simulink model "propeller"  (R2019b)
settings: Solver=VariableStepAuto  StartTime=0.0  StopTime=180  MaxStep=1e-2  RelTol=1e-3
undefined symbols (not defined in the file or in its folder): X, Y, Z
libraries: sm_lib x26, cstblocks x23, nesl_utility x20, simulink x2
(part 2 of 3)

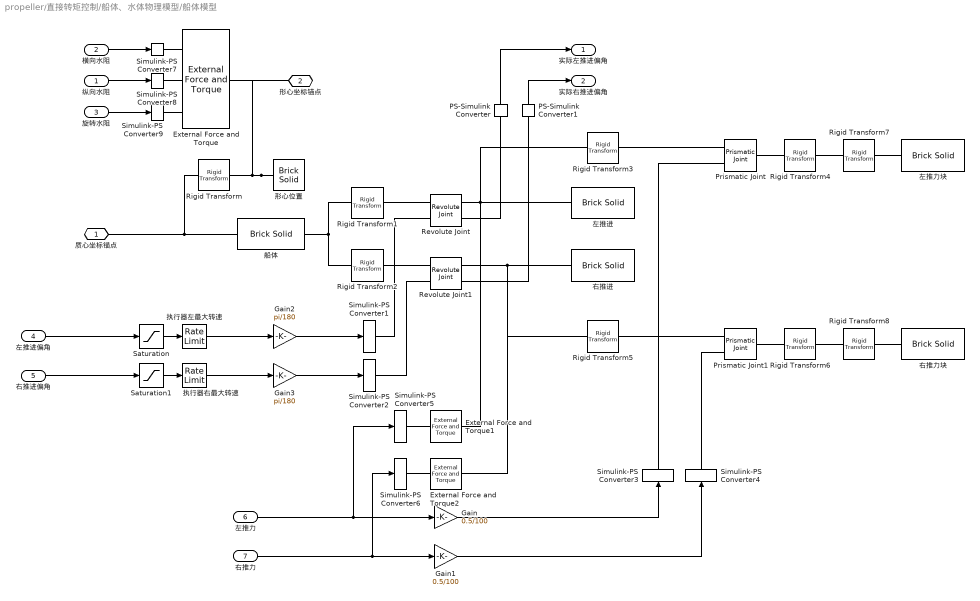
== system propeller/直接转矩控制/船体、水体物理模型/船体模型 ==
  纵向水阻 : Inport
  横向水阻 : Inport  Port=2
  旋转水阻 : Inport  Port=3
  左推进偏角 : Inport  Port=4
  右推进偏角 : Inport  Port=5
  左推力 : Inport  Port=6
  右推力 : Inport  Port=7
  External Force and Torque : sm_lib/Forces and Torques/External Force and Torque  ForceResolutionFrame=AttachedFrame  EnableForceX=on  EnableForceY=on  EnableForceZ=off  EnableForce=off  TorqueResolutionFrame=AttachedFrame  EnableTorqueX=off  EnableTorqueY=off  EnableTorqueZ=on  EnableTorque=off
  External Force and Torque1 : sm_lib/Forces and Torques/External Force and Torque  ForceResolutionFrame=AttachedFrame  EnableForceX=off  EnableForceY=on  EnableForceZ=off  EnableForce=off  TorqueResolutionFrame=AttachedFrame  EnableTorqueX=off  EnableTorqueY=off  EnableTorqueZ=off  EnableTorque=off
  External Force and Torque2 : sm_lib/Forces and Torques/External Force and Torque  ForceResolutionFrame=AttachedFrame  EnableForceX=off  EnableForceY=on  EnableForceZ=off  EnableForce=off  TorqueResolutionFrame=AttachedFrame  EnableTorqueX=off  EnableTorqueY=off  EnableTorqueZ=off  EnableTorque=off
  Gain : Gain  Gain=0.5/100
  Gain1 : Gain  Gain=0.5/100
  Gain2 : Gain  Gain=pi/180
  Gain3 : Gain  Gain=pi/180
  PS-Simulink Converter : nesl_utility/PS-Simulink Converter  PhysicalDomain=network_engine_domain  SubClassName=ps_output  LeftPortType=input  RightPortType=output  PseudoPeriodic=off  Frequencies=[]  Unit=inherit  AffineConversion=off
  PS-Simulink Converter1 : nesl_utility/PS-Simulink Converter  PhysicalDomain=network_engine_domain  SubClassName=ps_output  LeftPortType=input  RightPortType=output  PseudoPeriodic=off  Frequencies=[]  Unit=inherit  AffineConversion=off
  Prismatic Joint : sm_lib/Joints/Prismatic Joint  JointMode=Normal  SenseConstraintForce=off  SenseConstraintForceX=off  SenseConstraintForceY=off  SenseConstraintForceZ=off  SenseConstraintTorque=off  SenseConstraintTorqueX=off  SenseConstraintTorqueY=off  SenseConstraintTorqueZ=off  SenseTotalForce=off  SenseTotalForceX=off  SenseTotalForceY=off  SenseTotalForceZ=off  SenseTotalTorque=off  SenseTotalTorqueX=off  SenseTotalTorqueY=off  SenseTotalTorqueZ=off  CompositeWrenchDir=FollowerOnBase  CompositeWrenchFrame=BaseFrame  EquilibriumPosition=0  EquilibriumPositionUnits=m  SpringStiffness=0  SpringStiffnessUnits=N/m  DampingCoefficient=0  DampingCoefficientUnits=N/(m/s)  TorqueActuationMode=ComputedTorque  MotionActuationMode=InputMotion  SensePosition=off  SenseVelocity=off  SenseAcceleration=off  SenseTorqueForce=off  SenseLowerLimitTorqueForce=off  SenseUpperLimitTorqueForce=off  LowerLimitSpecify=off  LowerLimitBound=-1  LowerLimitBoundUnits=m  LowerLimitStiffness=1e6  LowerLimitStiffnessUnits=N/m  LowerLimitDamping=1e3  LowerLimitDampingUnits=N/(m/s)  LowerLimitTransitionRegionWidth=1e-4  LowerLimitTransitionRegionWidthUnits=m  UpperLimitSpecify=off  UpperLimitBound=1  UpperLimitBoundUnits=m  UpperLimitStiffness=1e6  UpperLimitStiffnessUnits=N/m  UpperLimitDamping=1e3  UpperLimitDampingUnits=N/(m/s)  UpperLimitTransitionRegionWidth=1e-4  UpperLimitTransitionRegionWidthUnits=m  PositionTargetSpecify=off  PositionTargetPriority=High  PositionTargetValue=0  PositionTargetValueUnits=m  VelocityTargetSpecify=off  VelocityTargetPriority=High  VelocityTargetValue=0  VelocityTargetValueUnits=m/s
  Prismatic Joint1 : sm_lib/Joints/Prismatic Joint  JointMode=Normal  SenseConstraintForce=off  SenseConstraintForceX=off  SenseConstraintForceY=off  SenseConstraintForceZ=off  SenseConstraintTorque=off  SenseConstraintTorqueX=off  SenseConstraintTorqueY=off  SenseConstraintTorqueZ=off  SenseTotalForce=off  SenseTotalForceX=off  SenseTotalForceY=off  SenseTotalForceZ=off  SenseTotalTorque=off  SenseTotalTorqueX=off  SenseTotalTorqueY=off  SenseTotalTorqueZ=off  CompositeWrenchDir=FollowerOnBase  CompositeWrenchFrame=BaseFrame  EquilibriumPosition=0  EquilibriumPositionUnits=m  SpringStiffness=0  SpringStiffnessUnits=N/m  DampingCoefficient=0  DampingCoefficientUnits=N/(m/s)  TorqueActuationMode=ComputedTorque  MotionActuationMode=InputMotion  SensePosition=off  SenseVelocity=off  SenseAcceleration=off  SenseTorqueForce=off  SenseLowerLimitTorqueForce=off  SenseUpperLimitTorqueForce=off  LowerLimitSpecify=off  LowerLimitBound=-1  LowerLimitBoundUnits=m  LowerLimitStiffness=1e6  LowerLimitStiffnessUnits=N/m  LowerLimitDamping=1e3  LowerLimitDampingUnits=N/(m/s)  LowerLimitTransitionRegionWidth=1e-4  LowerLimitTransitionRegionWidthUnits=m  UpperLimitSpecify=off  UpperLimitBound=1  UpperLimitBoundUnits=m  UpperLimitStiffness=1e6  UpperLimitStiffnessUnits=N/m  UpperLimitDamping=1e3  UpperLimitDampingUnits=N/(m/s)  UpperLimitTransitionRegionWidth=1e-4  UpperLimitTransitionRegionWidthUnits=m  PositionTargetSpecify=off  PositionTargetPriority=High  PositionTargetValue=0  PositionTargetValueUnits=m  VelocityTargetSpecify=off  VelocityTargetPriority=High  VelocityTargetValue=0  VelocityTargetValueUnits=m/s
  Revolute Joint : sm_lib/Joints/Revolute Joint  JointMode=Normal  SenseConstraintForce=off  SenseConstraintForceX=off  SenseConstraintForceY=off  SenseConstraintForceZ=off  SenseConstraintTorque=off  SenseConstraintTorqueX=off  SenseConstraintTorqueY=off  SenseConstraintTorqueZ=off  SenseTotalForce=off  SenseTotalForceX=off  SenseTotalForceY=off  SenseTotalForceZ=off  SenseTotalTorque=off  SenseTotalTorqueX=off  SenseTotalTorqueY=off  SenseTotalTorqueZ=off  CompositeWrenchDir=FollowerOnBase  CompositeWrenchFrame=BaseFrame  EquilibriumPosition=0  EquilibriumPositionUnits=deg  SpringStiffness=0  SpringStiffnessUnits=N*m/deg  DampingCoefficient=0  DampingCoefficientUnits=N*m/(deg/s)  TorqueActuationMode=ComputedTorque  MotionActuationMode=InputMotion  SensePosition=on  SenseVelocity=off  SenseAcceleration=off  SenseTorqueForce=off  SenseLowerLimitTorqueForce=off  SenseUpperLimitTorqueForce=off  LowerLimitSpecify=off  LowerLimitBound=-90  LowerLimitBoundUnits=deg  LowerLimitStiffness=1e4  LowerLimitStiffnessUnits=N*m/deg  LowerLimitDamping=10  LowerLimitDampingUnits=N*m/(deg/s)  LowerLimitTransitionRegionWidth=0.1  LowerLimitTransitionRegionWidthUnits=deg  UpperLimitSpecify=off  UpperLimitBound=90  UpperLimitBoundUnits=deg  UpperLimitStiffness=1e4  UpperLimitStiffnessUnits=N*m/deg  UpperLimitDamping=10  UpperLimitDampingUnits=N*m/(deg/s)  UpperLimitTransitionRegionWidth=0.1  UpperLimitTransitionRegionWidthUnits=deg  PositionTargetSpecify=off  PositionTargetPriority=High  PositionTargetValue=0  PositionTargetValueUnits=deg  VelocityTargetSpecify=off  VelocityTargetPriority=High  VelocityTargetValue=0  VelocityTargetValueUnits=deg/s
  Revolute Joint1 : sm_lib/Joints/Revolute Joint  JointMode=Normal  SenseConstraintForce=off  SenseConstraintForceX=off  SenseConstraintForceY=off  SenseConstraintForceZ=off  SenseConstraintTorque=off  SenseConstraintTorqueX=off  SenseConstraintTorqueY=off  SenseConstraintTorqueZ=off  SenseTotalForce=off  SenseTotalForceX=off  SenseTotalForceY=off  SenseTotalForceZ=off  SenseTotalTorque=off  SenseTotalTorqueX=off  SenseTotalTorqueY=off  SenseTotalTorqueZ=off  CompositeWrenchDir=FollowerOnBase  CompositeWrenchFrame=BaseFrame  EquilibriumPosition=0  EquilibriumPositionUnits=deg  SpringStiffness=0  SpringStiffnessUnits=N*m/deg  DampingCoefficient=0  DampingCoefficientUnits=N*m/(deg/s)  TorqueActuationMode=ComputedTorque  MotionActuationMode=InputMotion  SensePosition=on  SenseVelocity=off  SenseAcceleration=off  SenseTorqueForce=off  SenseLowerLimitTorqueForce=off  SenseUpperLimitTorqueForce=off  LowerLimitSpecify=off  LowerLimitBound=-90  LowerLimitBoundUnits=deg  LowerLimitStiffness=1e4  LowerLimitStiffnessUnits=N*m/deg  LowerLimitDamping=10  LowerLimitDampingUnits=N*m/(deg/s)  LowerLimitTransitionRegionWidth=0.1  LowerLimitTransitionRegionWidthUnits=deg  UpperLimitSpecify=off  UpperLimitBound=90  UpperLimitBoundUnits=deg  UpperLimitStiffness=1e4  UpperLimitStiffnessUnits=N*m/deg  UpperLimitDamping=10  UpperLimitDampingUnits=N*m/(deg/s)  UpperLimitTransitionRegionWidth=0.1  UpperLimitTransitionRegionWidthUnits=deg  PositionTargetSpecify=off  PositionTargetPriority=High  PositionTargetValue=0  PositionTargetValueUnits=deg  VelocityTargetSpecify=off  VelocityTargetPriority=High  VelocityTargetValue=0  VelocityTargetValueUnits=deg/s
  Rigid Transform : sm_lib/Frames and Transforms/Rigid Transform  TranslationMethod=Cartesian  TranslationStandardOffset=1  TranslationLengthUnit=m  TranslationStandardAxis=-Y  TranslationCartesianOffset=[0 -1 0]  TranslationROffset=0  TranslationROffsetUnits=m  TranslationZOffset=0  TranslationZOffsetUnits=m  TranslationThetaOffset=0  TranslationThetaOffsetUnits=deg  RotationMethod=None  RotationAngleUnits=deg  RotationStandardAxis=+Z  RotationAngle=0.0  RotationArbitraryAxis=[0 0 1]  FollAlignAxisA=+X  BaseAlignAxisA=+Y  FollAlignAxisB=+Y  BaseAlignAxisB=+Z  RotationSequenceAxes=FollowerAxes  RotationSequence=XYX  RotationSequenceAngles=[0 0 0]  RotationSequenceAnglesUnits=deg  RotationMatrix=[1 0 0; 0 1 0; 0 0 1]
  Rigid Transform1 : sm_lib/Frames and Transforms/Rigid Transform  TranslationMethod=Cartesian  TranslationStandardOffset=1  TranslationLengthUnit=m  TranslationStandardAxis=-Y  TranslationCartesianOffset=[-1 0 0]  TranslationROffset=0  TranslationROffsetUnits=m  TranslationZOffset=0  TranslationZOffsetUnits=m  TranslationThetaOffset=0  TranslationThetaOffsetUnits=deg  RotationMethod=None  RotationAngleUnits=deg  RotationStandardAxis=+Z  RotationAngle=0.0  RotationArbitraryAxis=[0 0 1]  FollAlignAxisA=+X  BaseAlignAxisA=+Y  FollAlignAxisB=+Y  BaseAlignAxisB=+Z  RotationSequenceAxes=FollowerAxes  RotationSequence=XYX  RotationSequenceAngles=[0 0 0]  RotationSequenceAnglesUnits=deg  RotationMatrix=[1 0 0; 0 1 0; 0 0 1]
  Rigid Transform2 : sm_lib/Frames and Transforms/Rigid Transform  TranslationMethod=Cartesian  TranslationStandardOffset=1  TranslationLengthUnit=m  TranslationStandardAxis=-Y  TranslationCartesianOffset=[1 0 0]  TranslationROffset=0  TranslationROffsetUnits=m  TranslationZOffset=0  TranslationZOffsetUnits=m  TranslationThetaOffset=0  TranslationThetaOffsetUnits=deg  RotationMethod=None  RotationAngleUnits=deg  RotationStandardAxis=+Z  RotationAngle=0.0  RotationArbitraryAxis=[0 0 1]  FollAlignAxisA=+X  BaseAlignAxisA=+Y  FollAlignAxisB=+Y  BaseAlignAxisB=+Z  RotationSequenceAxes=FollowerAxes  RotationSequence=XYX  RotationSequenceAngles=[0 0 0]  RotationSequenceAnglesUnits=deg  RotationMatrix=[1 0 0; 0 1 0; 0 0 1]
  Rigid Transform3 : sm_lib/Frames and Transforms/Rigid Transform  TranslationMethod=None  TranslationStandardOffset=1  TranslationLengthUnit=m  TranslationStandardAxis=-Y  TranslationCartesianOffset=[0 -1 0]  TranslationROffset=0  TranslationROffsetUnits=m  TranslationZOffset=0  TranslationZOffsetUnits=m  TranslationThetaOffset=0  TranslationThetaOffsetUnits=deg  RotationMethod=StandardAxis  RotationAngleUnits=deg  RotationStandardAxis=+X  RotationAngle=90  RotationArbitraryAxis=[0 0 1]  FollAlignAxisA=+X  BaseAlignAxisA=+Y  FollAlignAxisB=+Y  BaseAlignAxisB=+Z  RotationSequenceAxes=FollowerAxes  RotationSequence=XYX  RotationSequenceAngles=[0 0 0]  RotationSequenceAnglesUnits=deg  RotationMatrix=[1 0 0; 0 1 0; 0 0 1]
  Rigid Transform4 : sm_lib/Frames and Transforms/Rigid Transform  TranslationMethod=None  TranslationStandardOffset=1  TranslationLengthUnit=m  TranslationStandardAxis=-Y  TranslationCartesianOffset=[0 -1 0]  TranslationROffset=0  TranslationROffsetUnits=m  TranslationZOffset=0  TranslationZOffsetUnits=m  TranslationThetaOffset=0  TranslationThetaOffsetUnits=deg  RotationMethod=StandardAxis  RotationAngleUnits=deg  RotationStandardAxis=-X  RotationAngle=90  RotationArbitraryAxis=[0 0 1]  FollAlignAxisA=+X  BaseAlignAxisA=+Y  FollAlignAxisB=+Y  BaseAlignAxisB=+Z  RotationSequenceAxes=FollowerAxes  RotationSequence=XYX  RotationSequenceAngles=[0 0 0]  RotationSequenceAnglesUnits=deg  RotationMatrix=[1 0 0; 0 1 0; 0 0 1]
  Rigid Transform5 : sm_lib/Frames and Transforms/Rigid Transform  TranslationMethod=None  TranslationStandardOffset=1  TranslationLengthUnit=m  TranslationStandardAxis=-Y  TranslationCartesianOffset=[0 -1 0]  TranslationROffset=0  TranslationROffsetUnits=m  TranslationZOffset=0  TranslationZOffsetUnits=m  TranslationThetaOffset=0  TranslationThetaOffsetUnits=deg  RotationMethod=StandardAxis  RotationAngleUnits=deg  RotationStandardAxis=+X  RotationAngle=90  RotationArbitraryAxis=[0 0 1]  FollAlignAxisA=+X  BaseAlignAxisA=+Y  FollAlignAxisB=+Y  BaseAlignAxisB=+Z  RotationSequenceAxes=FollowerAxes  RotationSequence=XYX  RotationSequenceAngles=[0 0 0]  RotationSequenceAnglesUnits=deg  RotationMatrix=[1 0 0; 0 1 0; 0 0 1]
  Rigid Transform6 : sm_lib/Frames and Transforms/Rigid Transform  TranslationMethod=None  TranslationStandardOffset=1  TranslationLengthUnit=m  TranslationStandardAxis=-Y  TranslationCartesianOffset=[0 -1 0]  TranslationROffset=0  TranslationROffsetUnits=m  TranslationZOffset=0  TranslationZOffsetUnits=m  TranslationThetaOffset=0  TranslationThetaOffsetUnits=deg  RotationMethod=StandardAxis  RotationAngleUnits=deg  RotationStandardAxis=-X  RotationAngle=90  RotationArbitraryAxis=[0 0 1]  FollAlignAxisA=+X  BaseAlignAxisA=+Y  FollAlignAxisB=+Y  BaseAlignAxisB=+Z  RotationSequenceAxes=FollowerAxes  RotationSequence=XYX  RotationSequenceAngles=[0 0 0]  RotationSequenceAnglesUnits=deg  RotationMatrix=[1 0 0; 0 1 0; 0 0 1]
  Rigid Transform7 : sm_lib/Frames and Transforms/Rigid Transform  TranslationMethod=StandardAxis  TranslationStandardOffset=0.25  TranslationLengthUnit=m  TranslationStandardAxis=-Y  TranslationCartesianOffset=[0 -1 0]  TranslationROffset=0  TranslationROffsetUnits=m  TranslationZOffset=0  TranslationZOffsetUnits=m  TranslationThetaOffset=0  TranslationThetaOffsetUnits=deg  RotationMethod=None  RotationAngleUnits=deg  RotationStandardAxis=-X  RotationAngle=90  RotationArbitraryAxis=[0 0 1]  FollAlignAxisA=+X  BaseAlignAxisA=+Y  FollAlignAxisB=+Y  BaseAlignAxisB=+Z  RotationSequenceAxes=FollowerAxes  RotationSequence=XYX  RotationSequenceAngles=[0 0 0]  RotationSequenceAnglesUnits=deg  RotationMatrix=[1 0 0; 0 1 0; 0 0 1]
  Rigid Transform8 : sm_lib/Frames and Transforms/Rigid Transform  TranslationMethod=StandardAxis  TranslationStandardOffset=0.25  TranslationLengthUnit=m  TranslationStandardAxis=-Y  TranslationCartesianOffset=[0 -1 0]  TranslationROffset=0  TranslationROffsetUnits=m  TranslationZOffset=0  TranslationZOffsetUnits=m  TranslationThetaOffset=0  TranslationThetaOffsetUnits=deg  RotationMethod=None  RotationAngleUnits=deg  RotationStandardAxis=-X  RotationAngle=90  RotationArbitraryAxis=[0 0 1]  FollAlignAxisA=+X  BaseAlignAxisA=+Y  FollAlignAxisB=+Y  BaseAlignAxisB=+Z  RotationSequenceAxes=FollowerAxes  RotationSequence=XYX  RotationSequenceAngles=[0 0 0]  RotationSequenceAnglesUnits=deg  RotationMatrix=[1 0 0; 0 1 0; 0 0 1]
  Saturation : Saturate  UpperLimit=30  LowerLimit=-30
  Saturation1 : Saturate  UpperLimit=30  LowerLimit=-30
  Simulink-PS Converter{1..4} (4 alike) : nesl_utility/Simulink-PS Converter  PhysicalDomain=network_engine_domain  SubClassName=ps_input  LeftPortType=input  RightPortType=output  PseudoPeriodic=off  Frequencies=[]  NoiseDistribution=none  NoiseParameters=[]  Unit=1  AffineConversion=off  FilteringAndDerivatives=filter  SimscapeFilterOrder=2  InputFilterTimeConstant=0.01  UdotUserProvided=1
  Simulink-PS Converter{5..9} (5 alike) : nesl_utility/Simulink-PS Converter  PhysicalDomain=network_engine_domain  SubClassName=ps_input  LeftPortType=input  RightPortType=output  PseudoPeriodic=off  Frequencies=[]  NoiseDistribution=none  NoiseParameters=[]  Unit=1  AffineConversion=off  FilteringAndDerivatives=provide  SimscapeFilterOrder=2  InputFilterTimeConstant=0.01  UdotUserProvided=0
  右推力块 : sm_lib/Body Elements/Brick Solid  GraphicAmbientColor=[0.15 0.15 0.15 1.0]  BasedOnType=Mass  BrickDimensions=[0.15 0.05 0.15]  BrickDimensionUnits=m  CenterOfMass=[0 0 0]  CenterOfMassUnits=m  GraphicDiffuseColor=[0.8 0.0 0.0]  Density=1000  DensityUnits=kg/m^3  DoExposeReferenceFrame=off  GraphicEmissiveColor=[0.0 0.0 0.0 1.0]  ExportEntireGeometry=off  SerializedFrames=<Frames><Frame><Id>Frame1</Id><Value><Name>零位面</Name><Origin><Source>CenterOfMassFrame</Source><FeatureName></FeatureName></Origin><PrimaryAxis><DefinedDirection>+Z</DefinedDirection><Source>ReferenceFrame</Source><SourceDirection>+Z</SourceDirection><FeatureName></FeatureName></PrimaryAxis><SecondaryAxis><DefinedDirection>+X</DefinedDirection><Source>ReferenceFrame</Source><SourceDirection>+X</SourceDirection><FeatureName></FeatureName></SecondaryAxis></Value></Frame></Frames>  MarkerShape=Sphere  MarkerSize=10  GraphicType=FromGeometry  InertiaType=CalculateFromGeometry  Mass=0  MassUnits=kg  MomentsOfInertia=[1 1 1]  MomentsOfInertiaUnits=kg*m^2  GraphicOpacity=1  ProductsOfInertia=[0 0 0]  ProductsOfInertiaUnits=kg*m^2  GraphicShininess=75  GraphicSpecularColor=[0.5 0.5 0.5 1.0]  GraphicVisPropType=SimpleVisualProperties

* * * * *

Could you retype exactly the lines above, starting at the line that contains "External Force and Torque1" and ending at the line that contains "PS-Simulink Converter1 : nesl_utility/PS-Simulink", and nothing more?

◆ Output of the exercise:
  External Force and Torque1 : sm_lib/Forces and Torques/External Force and Torque  ForceResolutionFrame=AttachedFrame  EnableForceX=off  EnableForceY=on  EnableForceZ=off  EnableForce=off  TorqueResolutionFrame=AttachedFrame  EnableTorqueX=off  EnableTorqueY=off  EnableTorqueZ=off  EnableTorque=off
  External Force and Torque2 : sm_lib/Forces and Torques/External Force and Torque  ForceResolutionFrame=AttachedFrame  EnableForceX=off  EnableForceY=on  EnableForceZ=off  EnableForce=off  TorqueResolutionFrame=AttachedFrame  EnableTorqueX=off  EnableTorqueY=off  EnableTorqueZ=off  EnableTorque=off
  Gain : Gain  Gain=0.5/100
  Gain1 : Gain  Gain=0.5/100
  Gain2 : Gain  Gain=pi/180
  Gain3 : Gain  Gain=pi/180
  PS-Simulink Converter : nesl_utility/PS-Simulink Converter  PhysicalDomain=network_engine_domain  SubClassName=ps_output  LeftPortType=input  RightPortType=output  PseudoPeriodic=off  Frequencies=[]  Unit=inherit  AffineConversion=off
  PS-Simulink Converter1 : nesl_utility/PS-Simulink Converter  PhysicalDomain=network_engine_domain  SubClassName=ps_output  LeftPortType=input  RightPortType=output  PseudoPeriodic=off  Frequencies=[]  Unit=inherit  AffineConversion=off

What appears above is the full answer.